Wow! Great idea for a structure that would fit on most layouts. I sure hope someone gets a chance to post some basic dimensions for this great looking old mill. Looks like a scratch builders dream. 

Thanks for the post and great pix 

Joe MC


----------



## ThinkerT (Jan 2, 2008)

Years ago, when I was delivering pizza, I was handed an order to an address that made no sense - as far as I knew, there was nothing along that entire stretch of road but vacant lots and gravel pits. But I set out anyways. I reached that stretch of road, looked over at one of the vacant lots about where the address was supposed to be, and spied a huge pile of logs way at the back of the lot. In front of that pile of logs was the present day version of this contraption, minus the roof. Sure enough, the guy running it was the one who'd ordered the pizza. There is more in the way of sheds and shops there now, but he is still using that same saw, still in the same place it was.


----------



## Spule 4 (Jan 2, 2008)

Interesting pizza order. Yes, there are portable units used, trailer mounted, and in lieu of steam, a diesel motor is often found. 

I have seen a few "portables" where later a roof is built. 

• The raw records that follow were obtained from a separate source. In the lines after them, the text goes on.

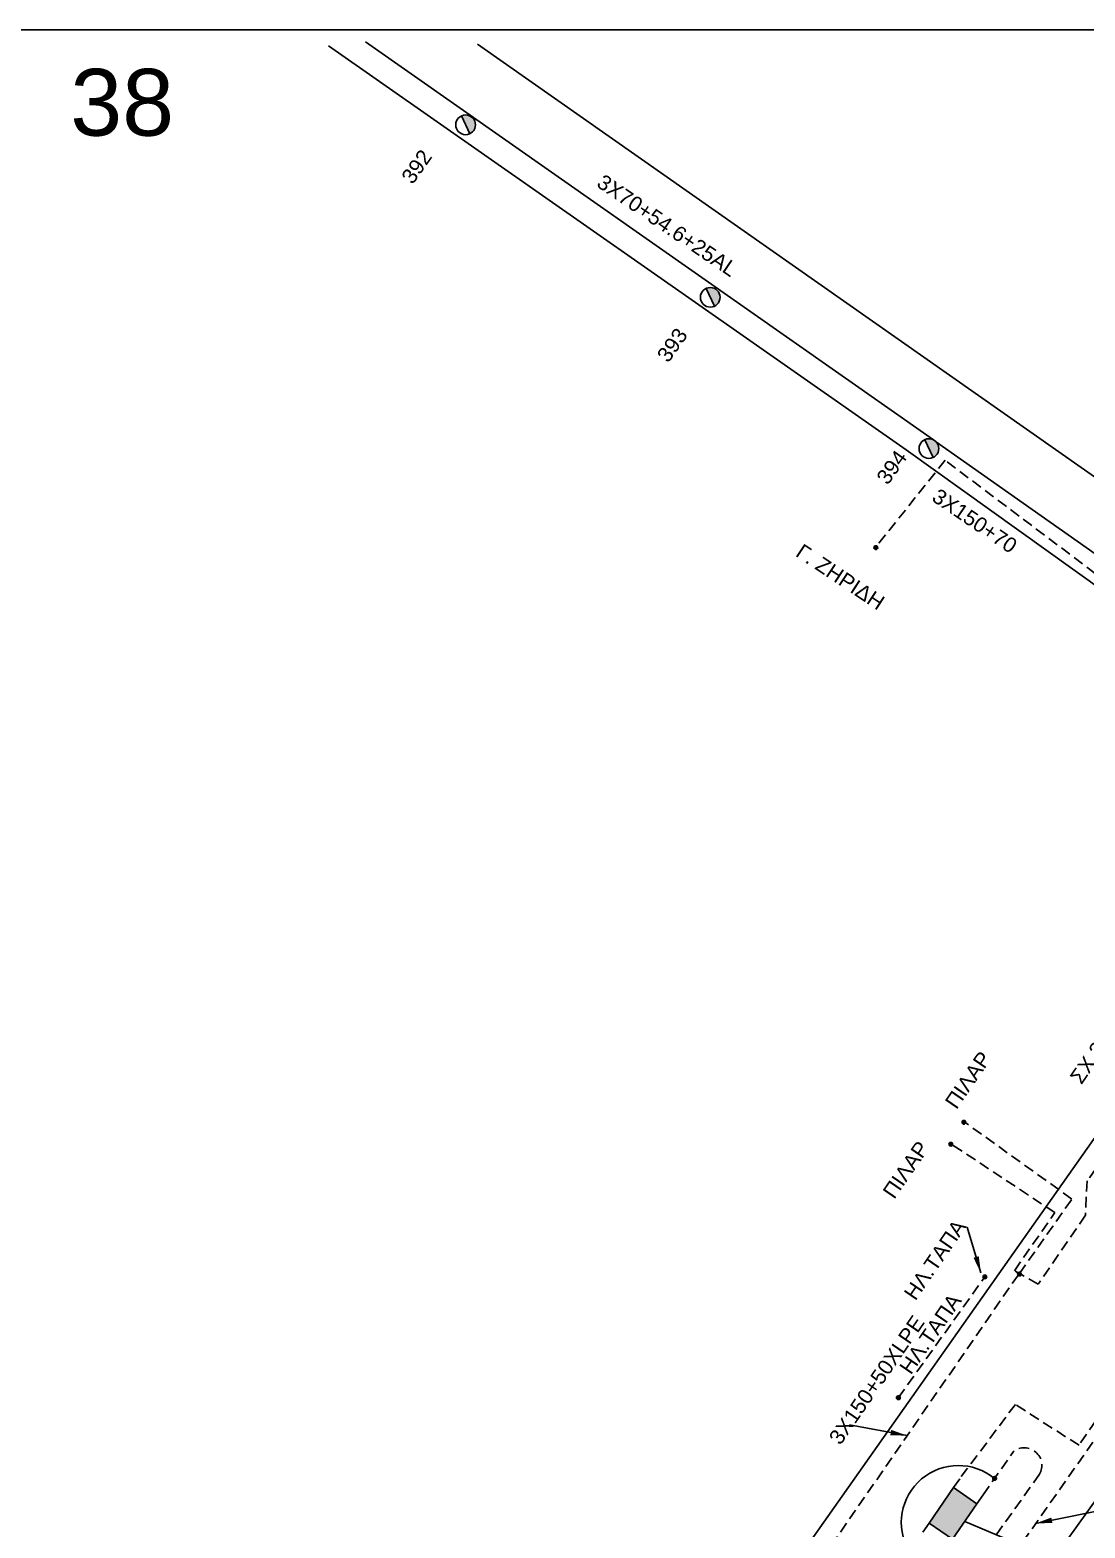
# Model space of a CAD drawing. Header units: millimetres. Extents: x 2999 to 5218, y 1863 to 2903.
# Drawn here: x 4488.2 to 4614.6, y 2710 to 2889.5 of the extents above; entities that cross this region are included whole.
import ezdxf

# ---------------------------------------------------------------- set-up
doc = ezdxf.new("R2010")
doc.units = ezdxf.units.MM
doc.header["$LTSCALE"] = 0.5
doc.linetypes.add('DASHED', pattern=[19.05, 12.7, -6.35])
for name, color, linetype in [('Link Box 4 Διευθύνσεων', 7, 'Continuous'), ('Άγνωστα', 7, 'Continuous'), ('Επιγραφές - Σχήματα', 7, 'Continuous'), ('Καλώδια ΧΤ   3x150+50AL', 7, 'DASHED'), ('Καλώδια ΧΤ   3x150+70AL', 7, 'DASHED'), ('Καλώδια ΧΤ   3x150AL+50XLPE', 7, 'DASHED'), ('Στύλος ΦΜ', 7, 'Continuous'), ('Στύλος ΦΜ @ 1', 7, 'Continuous'), ('Συνδέσεις', 7, 'Continuous'), ('Συνεστραμμένα ΧΤ   3x70+54.6+25 AL', 7, 'SYN_LINE'), ('Υπόβαθρο ΔΕΗ', 7, 'Continuous')]:
    doc.layers.add(name, color=color, linetype=linetype)
doc.styles.add('arial', font='ARIAL.TTF')
doc.styles.get("Standard").update_dxf_attribs({"font": 'ARIAL.TTF'})
doc.linetypes.add('SYN_LINE', pattern='A,0.5,-0.0001,["/\\/\\/\\/",Standard,S=0.1,R=0,X=0,Y=-0.05],-0.25', length=0.7501)
doc.dimstyles.new('ISO-25', dxfattribs={"dimtxt": 2.5, "dimasz": 2.5, "dimexe": 1.25, "dimexo": 0.625, "dimtad": 1, "dimtxsty": 'Standard', "dimcen": 2.5, "dimadec": 0, "dimazin": 0, "dimtfac": 1, "dimtmove": 0, "dimatfit": 3, "dimfxl": 1, "dimarcsym": 0})

# ---------------------------------------------------------------- blocks, each defined once
blk = doc.blocks.new('ΥΠΑΡΧΩΝ ΤΣΙΜΕΝΤΕΝΙΟΣ ΣΤΥΛΟΣ')
at = {"layer": 'Στύλος ΦΜ'}
blk.add_hatch(color=7, dxfattribs=at).paths.add_polyline_path([(-1.29, -2.28, 0.574793), (2.62, 0, 0.268822), (1.3, 2.27)])
at = {"layer": 'Στύλος ΦΜ', "color": 7}
blk.add_line((-1.29, -2.28), (1.3, 2.27), dxfattribs=at)
blk.add_circle((0, 0), 2.62, dxfattribs=at)
at = {"layer": 'Στύλος ΦΜ', "flags": 4}
for tag, p in [('ΑΡΙΘΜΟΣ', (-4.68, 8.05)), ('ΤΥΠΟΣ', (-4.91, 3.03))]:
    blk.add_attdef(tag, p, '', height=4, dxfattribs=at)
blk = doc.blocks.new('LINK BOX 4 ΑΝΑΧΩΡΗΣΕΩΝ')
at = {"layer": 'Link Box 4 Διευθύνσεων', "ltscale": 40}
blk.add_hatch(color=256, dxfattribs=at).paths.add_polyline_path([(-3.54, 0), (-3.54, -4.67), (3.54, -4.67), (3.54, 0)])
for p, q in [((-3.54, 0), (-5.33, 0)), ((5.33, 0), (3.54, 0)), ((-3.54, -4.67), (-5.33, -4.67)), ((5.33, -4.67), (3.54, -4.67))]:
    blk.add_line(p, q, dxfattribs=at)
blk.add_lwpolyline([(-3.54, -4.67), (-3.54, 0), (3.54, 0), (3.54, -4.67)], close=True, dxfattribs=at)
blk = doc.blocks.new('_ΣΥΝΔΕΣΗ')
at = {"layer": 'Συνδέσεις', "linetype": 'SYN_LINE', "ltscale": 40}
blk.add_hatch(color=256, dxfattribs=at).paths.add_polyline_path([(0.5, -0.01, 1), (-0.5, -0.01, 1)])
at = {"layer": 'Συνδέσεις'}
blk.add_circle((0, -0.01), 0.5, dxfattribs=at)

msp = doc.modelspace()

# ---------------------------------------------------------------- linework, layer by layer
at = {"layer": 'Άγνωστα', "color": 170, "linetype": 'DASHED', "ltscale": 0.2}
msp.add_lwpolyline([(4596.69, 2694.98, -0.60577), (4603.87, 2703.69), (4630.88, 2742.18), (4631.09, 2744.4), (4637.83, 2753.53, 0.529353), (4635.34, 2757.57, -0.596691), (4634.92, 2758.97), (4638.15, 2762.64)], format="xyb", dxfattribs=at)
at = {"layer": 'Άγνωστα', "color": 6, "ltscale": 40}
msp.add_lwpolyline([(4606.61, 2740.37), (4606.74, 2740.52)], dxfattribs=at)
at = {"layer": 'Άγνωστα', "color": 1, "linetype": 'DASHED', "ltscale": 0.2}
msp.add_lwpolyline([(4602.39, 2714.01), (4606.02, 2719.2, -0.824141), (4609.15, 2716.48)], format="xyb", dxfattribs=at)
msp.add_lwpolyline([(4609.15, 2716.48), (4597.71, 2700.46), (4600.58, 2698.29)], dxfattribs=at)
at = {"layer": 'Επιγραφές - Σχήματα', "color": 7, "linetype": 'DASHED', "ltscale": 0.2}
msp.add_line((4592.24, 2725.65), (4602.6, 2740.11), dxfattribs=at)
at = {"layer": 'Επιγραφές - Σχήματα', "ltscale": 0.2}
msp.add_line((4600.18, 2710.82), (4623.05, 2701.2), dxfattribs=at)
at = {"layer": 'Επιγραφές - Σχήματα'}
msp.add_lwpolyline([(3017.22, 2889.47), (5045.69, 2889.47), (5045.69, 1887.75), (3017.22, 1887.75)], close=True, dxfattribs=at)
at = {"layer": 'Επιγραφές - Σχήματα', "ltscale": 0.2}
msp.add_arc((4599.44, 2710.67), 6.85, 50.8263, 209.3967, dxfattribs=at)
at = {"layer": 'Καλώδια ΧΤ   3x150+50AL', "color": 6, "linetype": 'DASHED', "ltscale": 0.2}
msp.add_lwpolyline([(4654.79, 2803.33), (4654.58, 2803.04, -0.437518), (4652.73, 2802.78), (4648.19, 2806.14), (4645.31, 2802.09), (4645.49, 2801.37, -0.181996), (4644.57, 2793.39), (4614.84, 2751.61), (4614.65, 2747.49), (4608.98, 2739.25), (4606.14, 2740.86)], format="xyb", dxfattribs=at)
msp.add_lwpolyline([(4606.14, 2740.86), (4610.99, 2747.81), (4598.51, 2756.07)], dxfattribs=at)
at = {"layer": 'Καλώδια ΧΤ   3x150+70AL', "color": 6, "linetype": 'DASHED', "ltscale": 0.2}
msp.add_lwpolyline([(4620.7, 2820.71), (4620.39, 2820.94), (4597.83, 2837.93), (4589.54, 2827.53)], dxfattribs=at)
at = {"layer": 'Καλώδια ΧΤ   3x150+70AL', "color": 151, "linetype": 'DASHED', "ltscale": 0.2}
msp.add_lwpolyline([(4738.77, 2761.78), (4731.63, 2751.36), (4665.59, 2793.91), (4629.7, 2744.42), (4629.83, 2743.29), (4613.88, 2719.95), (4606.25, 2724.83), (4599.59, 2715.95)], dxfattribs=at)
at = {"layer": 'Καλώδια ΧΤ   3x150AL+50XLPE', "color": 6, "linetype": 'DASHED', "ltscale": 0.2}
for points in [[(4606.74, 2740.52), (4613.03, 2749.44), (4600.1, 2758.71)], [(4606.61, 2740.37), (4584.54, 2708.45), (4597.78, 2698.6)]]:
    msp.add_lwpolyline(points, dxfattribs=at)
at = {"layer": 'Συνεστραμμένα ΧΤ   3x70+54.6+25 AL', "color": 7, "ltscale": 20}
for points in [[(4596.44, 2840.38), (4528.4, 2888.07)], [(4633.76, 2814.12), (4596.8, 2840.09)]]:
    msp.add_lwpolyline(points, dxfattribs=at)
at = {"layer": 'Υπόβαθρο ΔΕΗ'}
msp.add_lwpolyline([(4523.95, 2887.59), (4593.18, 2839.19), (4640.42, 2805.37, -0.397823), (4642.49, 2794.69), (4572.43, 2695.32), (4533.9, 2644.12), (4503.03, 2669.83), (4477.01, 2691.63), (4378.39, 2738.21), (4371.98, 2741.36, -0.376464), (4366.92, 2753.53, -0.019715), (4369.96, 2761.47), (4379.5, 2786.21)], format="xyb", dxfattribs=at)
for points in [[(4541.82, 2887.78), (4655.3, 2808.2), (4711.43, 2861.97), (4738.81, 2887.54)], [(4751.47, 2635.42), (4654.79, 2665.2), (4600.99, 2692.65), (4646.19, 2755.63), (4666.24, 2784.55), (4697.87, 2764), (4731.74, 2741.53), (4756.69, 2725.24), (4772.77, 2714.22), (4760.58, 2683.93), (4757.13, 2663.56), (4751.47, 2635.42)]]:
    msp.add_lwpolyline(points, dxfattribs=at)

# ---------------------------------------------------------------- block references
at = {"layer": 'Link Box 4 Διευθύνσεων', "xscale": 0.7292483840079207, "yscale": 0.7292483840079207, "zscale": 0.7292483840079207, "rotation": 55.33326224585434}
msp.add_blockref('LINK BOX 4 ΑΝΑΧΩΡΗΣΕΩΝ', (4597.38, 2712.75), dxfattribs=at)
at = {"layer": 'Στύλος ΦΜ @ 1', "ltscale": 40}
ref = msp.add_blockref('ΥΠΑΡΧΩΝ ΤΣΙΜΕΝΤΕΝΙΟΣ ΣΤΥΛΟΣ', (4540.39, 2878.11), dxfattribs=dict(at, xscale=0.4499999999998179, yscale=0.4499999999998179, zscale=0.4499999999998179, rotation=54.59870215555309))
ref.add_attrib('ΤΥΠΟΣ', '392', (4534.04, 2870.88), dxfattribs={"layer": 'Στύλος ΦΜ', "height": 1.8, "rotation": 54.5987, "flags": 4})
ref = msp.add_blockref('ΥΠΑΡΧΩΝ ΤΣΙΜΕΝΤΕΝΙΟΣ ΣΤΥΛΟΣ', (4569.7, 2857.45), dxfattribs=dict(at, xscale=0.4499999999998179, yscale=0.4499999999998179, zscale=0.4499999999998179, rotation=54.59870215555309))
ref.add_attrib('ΤΥΠΟΣ', '393', (4564.66, 2849.51), dxfattribs={"layer": 'Στύλος ΦΜ', "height": 1.8, "rotation": 54.5987, "flags": 4})
ref = msp.add_blockref('ΥΠΑΡΧΩΝ ΤΣΙΜΕΝΤΕΝΙΟΣ ΣΤΥΛΟΣ', (4595.9, 2839.33), dxfattribs=dict(at, xscale=0.4499999999998179, yscale=0.4499999999998179, zscale=0.4499999999998179, rotation=54.59870215555309))
ref.add_attrib('ΤΥΠΟΣ', '394', (4590.96, 2834.87), dxfattribs={"layer": 'Στύλος ΦΜ', "height": 1.8, "rotation": 54.5987, "flags": 4})
at = {"layer": 'Συνδέσεις', "xscale": 0.4500000000002728, "yscale": 0.4500000000002728, "zscale": 0.4500000000002728}
for p in [(4589.54, 2827.47), (4600.09, 2758.64), (4598.51, 2756.01), (4602.6, 2740.12), (4606.74, 2740.46), (4592.24, 2725.65), (4603.77, 2715.98)]:
    msp.add_blockref('_ΣΥΝΔΕΣΗ', p, dxfattribs=at)

# ---------------------------------------------------------------- texts
at = {"layer": 'Επιγραφές - Σχήματα', "insert": (4493.03, 2884.81), "char_height": 8, "width": 23.8023, "attachment_point": 1}
msp.add_mtext('38', dxfattribs=at)
at = {"layer": 'Επιγραφές - Σχήματα', "ltscale": 0.2, "insert": (4580.79, 2828.03), "char_height": 1.8, "width": 23.6556, "attachment_point": 1, "rotation": 326.4465}
msp.add_mtext('Γ. ΖΗΡΙΔΗ', dxfattribs=at)
at = {"layer": 'Επιγραφές - Σχήματα', "ltscale": 40, "char_height": 1.8, "width": 17.1868, "attachment_point": 1, "rotation": 55.4653, "style": 'arial'}
for s, insert in [('ΣX.3-71263', (4612.68, 2764.08)), ('ΠΙΛΑΡ', (4597.71, 2761.1)), ('ΠΙΛΑΡ', (4590.25, 2750.35)), ('ΗΛ.ΤΑΠΑ', (4592.79, 2738.19)), ('ΗΛ.ΤΑΠΑ', (4592.24, 2729.32))]:
    msp.add_mtext(s, dxfattribs=dict(at, insert=insert))
at = {"layer": 'Καλώδια ΧΤ   3x150+70AL', "ltscale": 40, "insert": (4597.13, 2834.66), "char_height": 1.8, "width": 17.1868, "attachment_point": 1, "rotation": 325.7894, "style": 'arial'}
msp.add_mtext('3X150+70', dxfattribs=at)
at = {"layer": 'Καλώδια ΧΤ   3x150AL+50XLPE', "ltscale": 40, "insert": (4583.8, 2720.89), "char_height": 1.8, "width": 17.1868, "attachment_point": 1, "rotation": 55.4653, "style": 'arial'}
msp.add_mtext('3X150+50XLPE', dxfattribs=at)
at = {"layer": 'Συνεστραμμένα ΧΤ   3x70+54.6+25 AL', "ltscale": 40, "insert": (4556.97, 2872.3), "char_height": 1.8, "width": 17.1868, "attachment_point": 1, "rotation": 325.7894, "style": 'arial'}
msp.add_mtext('3X70+54.6+25AL', dxfattribs=at)

# ---------------------------------------------------------------- leaders
at = {"layer": 'Επιγραφές - Σχήματα', "ltscale": 40}
for points in [[(4602.13, 2740.59), (4600.47, 2746.08)], [(4593.29, 2721.1), (4586.38, 2722.4)], [(4608.67, 2710.58), (4618.42, 2712.52)]]:
    msp.add_leader(points, dimstyle='ISO-25', override={"dimasz": 2, "dimtad": 0}, dxfattribs=at)

doc.saveas('drawing.dxf')

I have photos of the steam mill at work, I need to remember to post them here.....


----------



## Semper Vaporo (Jan 2, 2008)

For many years now there has been a Sears (yes, as in Sears Roebuck) "Portable Sawmill" in use at the Midwest Old Settler's and Thresher's Reunion in Mt. Pleasant, Iowa. It is always run by a steam tractor and they cut lumber all day long during the 5 day event. Fascinating to watch.


----------



## peter bunce (Dec 29, 2007)

Hi All, 

Narrow Gauge Annual has an articoe on a Grist mill, which in the original had a sawmill attached. 

Plans are available from the following site - 

http://www.memory.loc.gov/ammem/collections/habs_haer/index.html, 

type into the search box 

grist mill, boxford, essex county 

and you are there! 

There is one plan of the layout of the sawmill portion, which 3 different sizes of plan, though you may need a program like Paint Shop Pro to clean them up!


----------



## tbug (Feb 16, 2008)

Peter, thanks form pointing out the link to plans. Great reference for yet another project!


----------



## hcampbell (Jan 2, 2008)

Peter 
Thanks for the link, what a great resource. It 1971 stations and 47 roundhouses! 

Harvey C.


----------



## Sourdoh (Jan 6, 2008)

Roaring Camp, in Felton, California has a similar set-up that they fire-up once in a while. These small mills were everywhere where there were logs around the turn of the last century. Like local beer brewers, they too were all replaced by huge factory-style operations, where economy of scale rules the day.


----------



## peter bunce (Dec 29, 2007)

Hi All, 


A bit more on sawmills - the 2007 Logging, Mining & Industrial Annual has an 10 page article (no plans, but plenty of photos with some in color) on a small sawmill, and from that article there are plans, by Boone Morrison in the Nov/Dec 2002 Narrow Gauge & Shortline Gazzette magazine of Sturgeons sawmill in California. 

Both have a dry landing - no pool for the logs to be moved in.


----------